PROVIDED MATERIAL:
═══
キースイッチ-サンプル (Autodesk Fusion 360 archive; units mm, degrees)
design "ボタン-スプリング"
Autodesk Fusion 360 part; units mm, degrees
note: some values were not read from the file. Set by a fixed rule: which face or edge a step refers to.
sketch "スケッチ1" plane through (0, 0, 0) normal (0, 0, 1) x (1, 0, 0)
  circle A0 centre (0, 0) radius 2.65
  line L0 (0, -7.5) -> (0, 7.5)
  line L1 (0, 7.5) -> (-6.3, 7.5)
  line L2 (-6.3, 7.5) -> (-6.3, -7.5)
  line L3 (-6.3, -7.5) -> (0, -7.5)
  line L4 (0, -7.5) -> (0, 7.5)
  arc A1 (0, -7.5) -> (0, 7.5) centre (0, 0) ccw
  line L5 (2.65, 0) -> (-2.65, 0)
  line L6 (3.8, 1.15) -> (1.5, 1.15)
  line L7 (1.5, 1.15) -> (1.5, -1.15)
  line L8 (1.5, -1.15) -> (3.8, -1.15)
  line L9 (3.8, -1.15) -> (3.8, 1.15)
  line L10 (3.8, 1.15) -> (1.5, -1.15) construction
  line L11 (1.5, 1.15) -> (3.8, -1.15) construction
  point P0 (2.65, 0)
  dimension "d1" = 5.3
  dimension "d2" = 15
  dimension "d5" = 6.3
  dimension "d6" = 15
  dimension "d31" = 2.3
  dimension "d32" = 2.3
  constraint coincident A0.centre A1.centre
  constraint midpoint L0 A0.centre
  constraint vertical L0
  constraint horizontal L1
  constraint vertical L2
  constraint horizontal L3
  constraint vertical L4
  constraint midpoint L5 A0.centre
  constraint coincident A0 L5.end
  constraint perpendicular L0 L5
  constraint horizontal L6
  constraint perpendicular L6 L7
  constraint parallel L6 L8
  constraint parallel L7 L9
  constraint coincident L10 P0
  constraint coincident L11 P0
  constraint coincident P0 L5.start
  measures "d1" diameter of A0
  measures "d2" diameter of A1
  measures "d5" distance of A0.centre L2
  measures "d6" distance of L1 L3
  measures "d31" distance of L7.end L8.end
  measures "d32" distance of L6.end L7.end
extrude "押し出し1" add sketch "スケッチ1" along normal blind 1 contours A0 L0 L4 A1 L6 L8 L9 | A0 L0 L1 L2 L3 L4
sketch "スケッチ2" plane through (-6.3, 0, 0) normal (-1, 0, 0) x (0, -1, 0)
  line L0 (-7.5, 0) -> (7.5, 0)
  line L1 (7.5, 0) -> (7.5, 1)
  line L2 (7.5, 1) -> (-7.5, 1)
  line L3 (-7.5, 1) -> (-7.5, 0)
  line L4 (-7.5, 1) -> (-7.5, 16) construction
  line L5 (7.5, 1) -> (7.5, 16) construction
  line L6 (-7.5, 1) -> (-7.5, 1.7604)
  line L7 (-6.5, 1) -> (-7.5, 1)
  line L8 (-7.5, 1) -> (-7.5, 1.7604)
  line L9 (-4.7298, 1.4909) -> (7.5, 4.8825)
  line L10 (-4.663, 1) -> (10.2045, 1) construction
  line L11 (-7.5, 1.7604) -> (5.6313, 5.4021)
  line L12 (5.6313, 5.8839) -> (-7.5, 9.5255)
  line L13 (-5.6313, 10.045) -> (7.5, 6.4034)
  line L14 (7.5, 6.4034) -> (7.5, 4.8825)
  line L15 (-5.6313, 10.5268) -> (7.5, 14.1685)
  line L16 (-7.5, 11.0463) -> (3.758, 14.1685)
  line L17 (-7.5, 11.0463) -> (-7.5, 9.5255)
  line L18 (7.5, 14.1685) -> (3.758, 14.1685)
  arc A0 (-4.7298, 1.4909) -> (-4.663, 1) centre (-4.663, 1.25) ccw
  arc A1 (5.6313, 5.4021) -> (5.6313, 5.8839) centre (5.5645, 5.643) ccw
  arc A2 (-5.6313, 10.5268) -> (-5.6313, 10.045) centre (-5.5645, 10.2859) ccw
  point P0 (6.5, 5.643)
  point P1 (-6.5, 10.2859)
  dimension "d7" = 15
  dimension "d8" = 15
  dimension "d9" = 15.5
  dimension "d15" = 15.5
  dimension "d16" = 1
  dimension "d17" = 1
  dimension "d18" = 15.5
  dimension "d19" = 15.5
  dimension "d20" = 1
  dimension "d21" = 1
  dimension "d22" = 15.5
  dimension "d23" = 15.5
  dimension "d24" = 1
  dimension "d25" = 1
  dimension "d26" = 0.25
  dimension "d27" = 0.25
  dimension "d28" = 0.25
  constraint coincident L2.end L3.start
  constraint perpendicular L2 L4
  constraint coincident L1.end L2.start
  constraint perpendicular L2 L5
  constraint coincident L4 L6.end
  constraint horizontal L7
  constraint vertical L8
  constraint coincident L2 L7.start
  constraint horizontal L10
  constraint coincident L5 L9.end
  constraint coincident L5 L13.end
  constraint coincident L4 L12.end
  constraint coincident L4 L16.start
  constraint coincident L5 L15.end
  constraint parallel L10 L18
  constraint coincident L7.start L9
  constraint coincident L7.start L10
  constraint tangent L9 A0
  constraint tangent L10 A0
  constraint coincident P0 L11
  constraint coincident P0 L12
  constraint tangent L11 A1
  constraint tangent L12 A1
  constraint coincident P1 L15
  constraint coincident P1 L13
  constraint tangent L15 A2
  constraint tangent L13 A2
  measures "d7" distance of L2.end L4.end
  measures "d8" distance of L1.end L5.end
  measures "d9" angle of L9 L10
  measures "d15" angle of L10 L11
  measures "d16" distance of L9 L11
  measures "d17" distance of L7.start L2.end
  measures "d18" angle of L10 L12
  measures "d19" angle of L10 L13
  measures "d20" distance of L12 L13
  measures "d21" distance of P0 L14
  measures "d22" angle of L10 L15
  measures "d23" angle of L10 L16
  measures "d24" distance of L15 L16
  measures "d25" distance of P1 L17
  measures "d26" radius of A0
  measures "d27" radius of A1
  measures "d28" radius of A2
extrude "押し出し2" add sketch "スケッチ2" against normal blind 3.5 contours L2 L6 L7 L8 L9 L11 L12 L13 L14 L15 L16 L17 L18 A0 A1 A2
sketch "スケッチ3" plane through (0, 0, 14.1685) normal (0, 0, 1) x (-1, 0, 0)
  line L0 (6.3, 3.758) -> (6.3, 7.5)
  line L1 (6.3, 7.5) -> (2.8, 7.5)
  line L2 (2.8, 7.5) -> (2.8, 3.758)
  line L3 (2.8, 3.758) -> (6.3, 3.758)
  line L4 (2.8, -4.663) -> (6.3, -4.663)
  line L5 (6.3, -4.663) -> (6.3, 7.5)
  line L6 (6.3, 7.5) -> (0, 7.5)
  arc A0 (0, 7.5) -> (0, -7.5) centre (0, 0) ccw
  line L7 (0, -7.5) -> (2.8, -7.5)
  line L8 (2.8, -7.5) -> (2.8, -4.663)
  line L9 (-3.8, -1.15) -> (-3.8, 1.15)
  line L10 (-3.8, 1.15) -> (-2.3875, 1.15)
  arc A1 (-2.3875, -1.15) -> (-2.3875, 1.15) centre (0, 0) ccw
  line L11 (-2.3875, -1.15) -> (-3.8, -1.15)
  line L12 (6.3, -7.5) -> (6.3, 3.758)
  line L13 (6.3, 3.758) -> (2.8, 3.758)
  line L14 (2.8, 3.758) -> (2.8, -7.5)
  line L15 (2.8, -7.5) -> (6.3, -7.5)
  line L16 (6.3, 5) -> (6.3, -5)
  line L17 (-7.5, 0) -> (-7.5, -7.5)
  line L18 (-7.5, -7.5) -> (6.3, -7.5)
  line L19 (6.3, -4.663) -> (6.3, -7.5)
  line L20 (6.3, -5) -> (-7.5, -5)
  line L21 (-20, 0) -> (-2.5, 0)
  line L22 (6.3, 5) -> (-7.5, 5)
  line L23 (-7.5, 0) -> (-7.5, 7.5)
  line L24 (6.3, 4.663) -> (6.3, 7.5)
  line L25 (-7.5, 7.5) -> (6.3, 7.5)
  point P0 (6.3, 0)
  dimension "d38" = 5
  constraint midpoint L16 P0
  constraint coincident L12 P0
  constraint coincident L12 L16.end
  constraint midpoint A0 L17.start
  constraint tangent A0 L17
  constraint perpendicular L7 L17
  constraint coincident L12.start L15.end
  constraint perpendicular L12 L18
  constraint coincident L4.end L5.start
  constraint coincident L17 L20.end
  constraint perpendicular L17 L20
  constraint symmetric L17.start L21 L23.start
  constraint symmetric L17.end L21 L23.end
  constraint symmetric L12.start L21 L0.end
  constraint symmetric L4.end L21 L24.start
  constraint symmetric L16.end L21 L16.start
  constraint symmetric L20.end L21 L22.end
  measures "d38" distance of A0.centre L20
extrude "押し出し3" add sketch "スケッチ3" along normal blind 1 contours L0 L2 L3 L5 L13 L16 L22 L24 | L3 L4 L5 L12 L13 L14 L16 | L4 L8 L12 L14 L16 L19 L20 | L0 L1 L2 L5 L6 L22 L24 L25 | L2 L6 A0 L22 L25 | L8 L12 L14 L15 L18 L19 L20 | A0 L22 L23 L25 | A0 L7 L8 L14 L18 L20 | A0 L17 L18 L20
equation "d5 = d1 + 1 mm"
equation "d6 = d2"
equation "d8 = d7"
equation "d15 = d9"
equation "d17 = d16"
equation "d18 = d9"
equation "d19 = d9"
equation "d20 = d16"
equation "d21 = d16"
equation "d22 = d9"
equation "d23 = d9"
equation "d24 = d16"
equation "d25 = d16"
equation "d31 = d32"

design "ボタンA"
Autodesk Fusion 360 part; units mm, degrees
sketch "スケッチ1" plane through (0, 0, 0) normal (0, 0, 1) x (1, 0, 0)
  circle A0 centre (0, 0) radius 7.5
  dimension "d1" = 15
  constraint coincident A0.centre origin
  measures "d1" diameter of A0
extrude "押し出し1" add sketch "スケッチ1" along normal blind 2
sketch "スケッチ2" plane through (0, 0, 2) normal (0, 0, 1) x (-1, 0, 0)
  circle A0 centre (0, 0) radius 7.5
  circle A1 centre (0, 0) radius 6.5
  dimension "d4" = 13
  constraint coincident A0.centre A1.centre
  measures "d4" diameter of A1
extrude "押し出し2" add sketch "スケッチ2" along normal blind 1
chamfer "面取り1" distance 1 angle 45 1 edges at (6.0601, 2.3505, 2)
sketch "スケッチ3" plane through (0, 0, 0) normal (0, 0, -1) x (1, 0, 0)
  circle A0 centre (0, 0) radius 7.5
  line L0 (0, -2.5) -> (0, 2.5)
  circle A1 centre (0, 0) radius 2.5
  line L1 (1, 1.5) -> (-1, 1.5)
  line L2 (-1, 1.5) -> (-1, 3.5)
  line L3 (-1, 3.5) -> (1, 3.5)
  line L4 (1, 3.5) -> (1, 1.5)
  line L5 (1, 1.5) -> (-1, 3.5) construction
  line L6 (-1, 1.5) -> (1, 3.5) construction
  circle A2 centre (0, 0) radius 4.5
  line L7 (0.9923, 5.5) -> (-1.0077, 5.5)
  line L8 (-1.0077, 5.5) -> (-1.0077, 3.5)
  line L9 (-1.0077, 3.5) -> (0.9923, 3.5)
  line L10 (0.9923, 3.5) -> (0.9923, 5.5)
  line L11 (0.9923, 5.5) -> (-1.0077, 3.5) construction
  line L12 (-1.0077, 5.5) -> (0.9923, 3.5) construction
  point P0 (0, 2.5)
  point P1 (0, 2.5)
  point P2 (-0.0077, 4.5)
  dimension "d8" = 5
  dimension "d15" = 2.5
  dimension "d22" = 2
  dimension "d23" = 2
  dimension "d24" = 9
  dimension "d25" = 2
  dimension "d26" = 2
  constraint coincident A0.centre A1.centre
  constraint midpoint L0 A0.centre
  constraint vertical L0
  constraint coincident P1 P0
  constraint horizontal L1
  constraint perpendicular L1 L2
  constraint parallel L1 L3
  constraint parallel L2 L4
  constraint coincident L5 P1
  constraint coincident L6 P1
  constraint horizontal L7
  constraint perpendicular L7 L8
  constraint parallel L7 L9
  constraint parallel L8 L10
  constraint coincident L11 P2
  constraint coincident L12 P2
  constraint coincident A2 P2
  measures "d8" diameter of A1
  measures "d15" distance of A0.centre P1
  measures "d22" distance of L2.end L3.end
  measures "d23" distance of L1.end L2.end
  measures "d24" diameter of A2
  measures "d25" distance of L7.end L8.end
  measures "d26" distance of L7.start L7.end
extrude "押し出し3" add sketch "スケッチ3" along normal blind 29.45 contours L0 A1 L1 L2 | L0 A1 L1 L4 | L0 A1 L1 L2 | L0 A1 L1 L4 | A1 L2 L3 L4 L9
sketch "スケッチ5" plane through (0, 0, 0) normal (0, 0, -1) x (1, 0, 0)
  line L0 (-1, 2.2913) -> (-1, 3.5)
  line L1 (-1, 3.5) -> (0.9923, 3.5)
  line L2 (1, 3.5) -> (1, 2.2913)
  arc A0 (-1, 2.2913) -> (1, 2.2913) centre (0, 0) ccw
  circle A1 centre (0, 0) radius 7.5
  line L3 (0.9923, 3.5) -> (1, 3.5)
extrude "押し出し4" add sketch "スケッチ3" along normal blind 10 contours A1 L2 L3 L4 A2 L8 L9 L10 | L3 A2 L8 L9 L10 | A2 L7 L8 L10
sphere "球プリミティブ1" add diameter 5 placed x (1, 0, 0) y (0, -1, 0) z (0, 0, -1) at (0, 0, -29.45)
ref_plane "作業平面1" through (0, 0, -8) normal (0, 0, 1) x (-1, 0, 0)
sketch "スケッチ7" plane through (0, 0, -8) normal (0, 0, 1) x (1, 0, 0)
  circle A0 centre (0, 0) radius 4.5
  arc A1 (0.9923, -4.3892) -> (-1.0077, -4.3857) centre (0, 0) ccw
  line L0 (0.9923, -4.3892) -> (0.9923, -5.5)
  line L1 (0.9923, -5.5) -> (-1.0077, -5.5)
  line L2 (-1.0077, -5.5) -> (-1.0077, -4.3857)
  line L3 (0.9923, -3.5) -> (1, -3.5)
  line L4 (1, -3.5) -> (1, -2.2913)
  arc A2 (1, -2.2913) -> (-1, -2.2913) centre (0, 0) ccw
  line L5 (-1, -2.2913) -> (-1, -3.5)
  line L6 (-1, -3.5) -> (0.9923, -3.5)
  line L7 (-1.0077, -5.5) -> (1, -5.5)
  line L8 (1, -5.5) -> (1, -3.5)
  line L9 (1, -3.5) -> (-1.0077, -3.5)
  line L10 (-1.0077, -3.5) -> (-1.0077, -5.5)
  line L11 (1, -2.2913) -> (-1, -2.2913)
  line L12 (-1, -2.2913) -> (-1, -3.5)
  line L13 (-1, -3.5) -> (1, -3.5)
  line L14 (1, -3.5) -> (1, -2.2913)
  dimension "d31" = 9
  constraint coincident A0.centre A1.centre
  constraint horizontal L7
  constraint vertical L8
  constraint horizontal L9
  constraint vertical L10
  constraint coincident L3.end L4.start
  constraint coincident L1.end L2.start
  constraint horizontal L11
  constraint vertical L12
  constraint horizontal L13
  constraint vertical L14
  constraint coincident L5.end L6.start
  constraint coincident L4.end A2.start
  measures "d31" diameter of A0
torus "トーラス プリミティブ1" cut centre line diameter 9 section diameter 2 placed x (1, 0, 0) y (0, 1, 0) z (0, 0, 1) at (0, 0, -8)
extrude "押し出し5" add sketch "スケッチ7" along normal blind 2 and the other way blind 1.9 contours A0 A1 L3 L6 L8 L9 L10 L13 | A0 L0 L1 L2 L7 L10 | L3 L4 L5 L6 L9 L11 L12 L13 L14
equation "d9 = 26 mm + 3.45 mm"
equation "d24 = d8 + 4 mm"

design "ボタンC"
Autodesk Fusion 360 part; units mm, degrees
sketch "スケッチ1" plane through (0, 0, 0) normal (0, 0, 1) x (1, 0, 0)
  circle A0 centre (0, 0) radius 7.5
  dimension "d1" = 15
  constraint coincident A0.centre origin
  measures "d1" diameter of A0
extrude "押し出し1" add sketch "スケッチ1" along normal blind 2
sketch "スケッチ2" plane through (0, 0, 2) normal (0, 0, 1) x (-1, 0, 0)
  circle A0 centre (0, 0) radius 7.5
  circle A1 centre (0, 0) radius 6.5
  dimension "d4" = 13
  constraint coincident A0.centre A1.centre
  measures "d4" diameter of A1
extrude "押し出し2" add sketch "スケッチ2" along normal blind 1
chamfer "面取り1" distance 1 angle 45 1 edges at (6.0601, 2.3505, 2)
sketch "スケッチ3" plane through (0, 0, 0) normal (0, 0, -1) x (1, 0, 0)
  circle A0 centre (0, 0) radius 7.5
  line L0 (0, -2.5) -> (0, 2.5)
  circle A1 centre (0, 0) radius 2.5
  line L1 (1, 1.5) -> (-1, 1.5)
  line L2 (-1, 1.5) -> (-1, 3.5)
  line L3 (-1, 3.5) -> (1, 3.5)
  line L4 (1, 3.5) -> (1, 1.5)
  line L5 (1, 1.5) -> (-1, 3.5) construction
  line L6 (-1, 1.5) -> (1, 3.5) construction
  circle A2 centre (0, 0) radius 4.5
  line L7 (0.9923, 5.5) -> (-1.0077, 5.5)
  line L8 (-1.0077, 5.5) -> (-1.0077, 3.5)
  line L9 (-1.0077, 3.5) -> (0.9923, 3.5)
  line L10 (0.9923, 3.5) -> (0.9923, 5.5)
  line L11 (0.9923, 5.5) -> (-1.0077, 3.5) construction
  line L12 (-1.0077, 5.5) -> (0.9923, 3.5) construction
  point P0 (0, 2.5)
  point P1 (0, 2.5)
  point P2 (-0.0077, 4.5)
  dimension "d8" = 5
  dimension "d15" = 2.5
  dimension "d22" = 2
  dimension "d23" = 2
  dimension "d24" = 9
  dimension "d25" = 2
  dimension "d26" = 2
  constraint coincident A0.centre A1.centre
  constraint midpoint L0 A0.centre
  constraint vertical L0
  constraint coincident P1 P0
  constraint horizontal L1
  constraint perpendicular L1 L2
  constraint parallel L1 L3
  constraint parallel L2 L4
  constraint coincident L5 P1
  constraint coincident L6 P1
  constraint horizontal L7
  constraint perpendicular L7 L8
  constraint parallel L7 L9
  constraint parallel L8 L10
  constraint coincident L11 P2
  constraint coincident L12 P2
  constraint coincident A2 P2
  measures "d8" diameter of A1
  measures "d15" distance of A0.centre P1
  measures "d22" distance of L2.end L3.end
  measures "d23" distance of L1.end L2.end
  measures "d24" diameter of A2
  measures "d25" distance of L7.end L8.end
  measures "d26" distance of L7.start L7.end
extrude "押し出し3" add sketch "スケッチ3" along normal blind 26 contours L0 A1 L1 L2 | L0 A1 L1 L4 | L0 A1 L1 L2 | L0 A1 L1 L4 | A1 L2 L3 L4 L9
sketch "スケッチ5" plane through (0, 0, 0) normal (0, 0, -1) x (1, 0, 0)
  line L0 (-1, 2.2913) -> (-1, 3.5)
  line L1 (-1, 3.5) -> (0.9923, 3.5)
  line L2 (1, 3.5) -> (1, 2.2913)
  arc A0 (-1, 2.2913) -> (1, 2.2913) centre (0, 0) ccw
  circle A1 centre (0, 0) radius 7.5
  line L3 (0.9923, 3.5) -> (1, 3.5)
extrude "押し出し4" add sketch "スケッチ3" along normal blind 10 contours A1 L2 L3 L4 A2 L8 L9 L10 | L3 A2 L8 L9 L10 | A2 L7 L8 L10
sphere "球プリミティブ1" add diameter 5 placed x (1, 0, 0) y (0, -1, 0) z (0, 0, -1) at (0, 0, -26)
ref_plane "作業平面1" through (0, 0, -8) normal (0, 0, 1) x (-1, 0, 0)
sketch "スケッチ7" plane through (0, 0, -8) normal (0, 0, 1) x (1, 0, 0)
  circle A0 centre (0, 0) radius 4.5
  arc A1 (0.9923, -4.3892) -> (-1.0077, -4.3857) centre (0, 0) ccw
═══
TRY IT: Look through the material above and print exactly the lines from the one containing "constraint coincident L4 L12.end" to the one containing "angle of L10 L12", both included, and nothing more.

ANSWER SECTION:
  constraint coincident L4 L12.end
  constraint coincident L4 L16.start
  constraint coincident L5 L15.end
  constraint parallel L10 L18
  constraint coincident L7.start L9
  constraint coincident L7.start L10
  constraint tangent L9 A0
  constraint tangent L10 A0
  constraint coincident P0 L11
  constraint coincident P0 L12
  constraint tangent L11 A1
  constraint tangent L12 A1
  constraint coincident P1 L15
  constraint coincident P1 L13
  constraint tangent L15 A2
  constraint tangent L13 A2
  measures "d7" distance of L2.end L4.end
  measures "d8" distance of L1.end L5.end
  measures "d9" angle of L9 L10
  measures "d15" angle of L10 L11
  measures "d16" distance of L9 L11
  measures "d17" distance of L7.start L2.end
  measures "d18" angle of L10 L12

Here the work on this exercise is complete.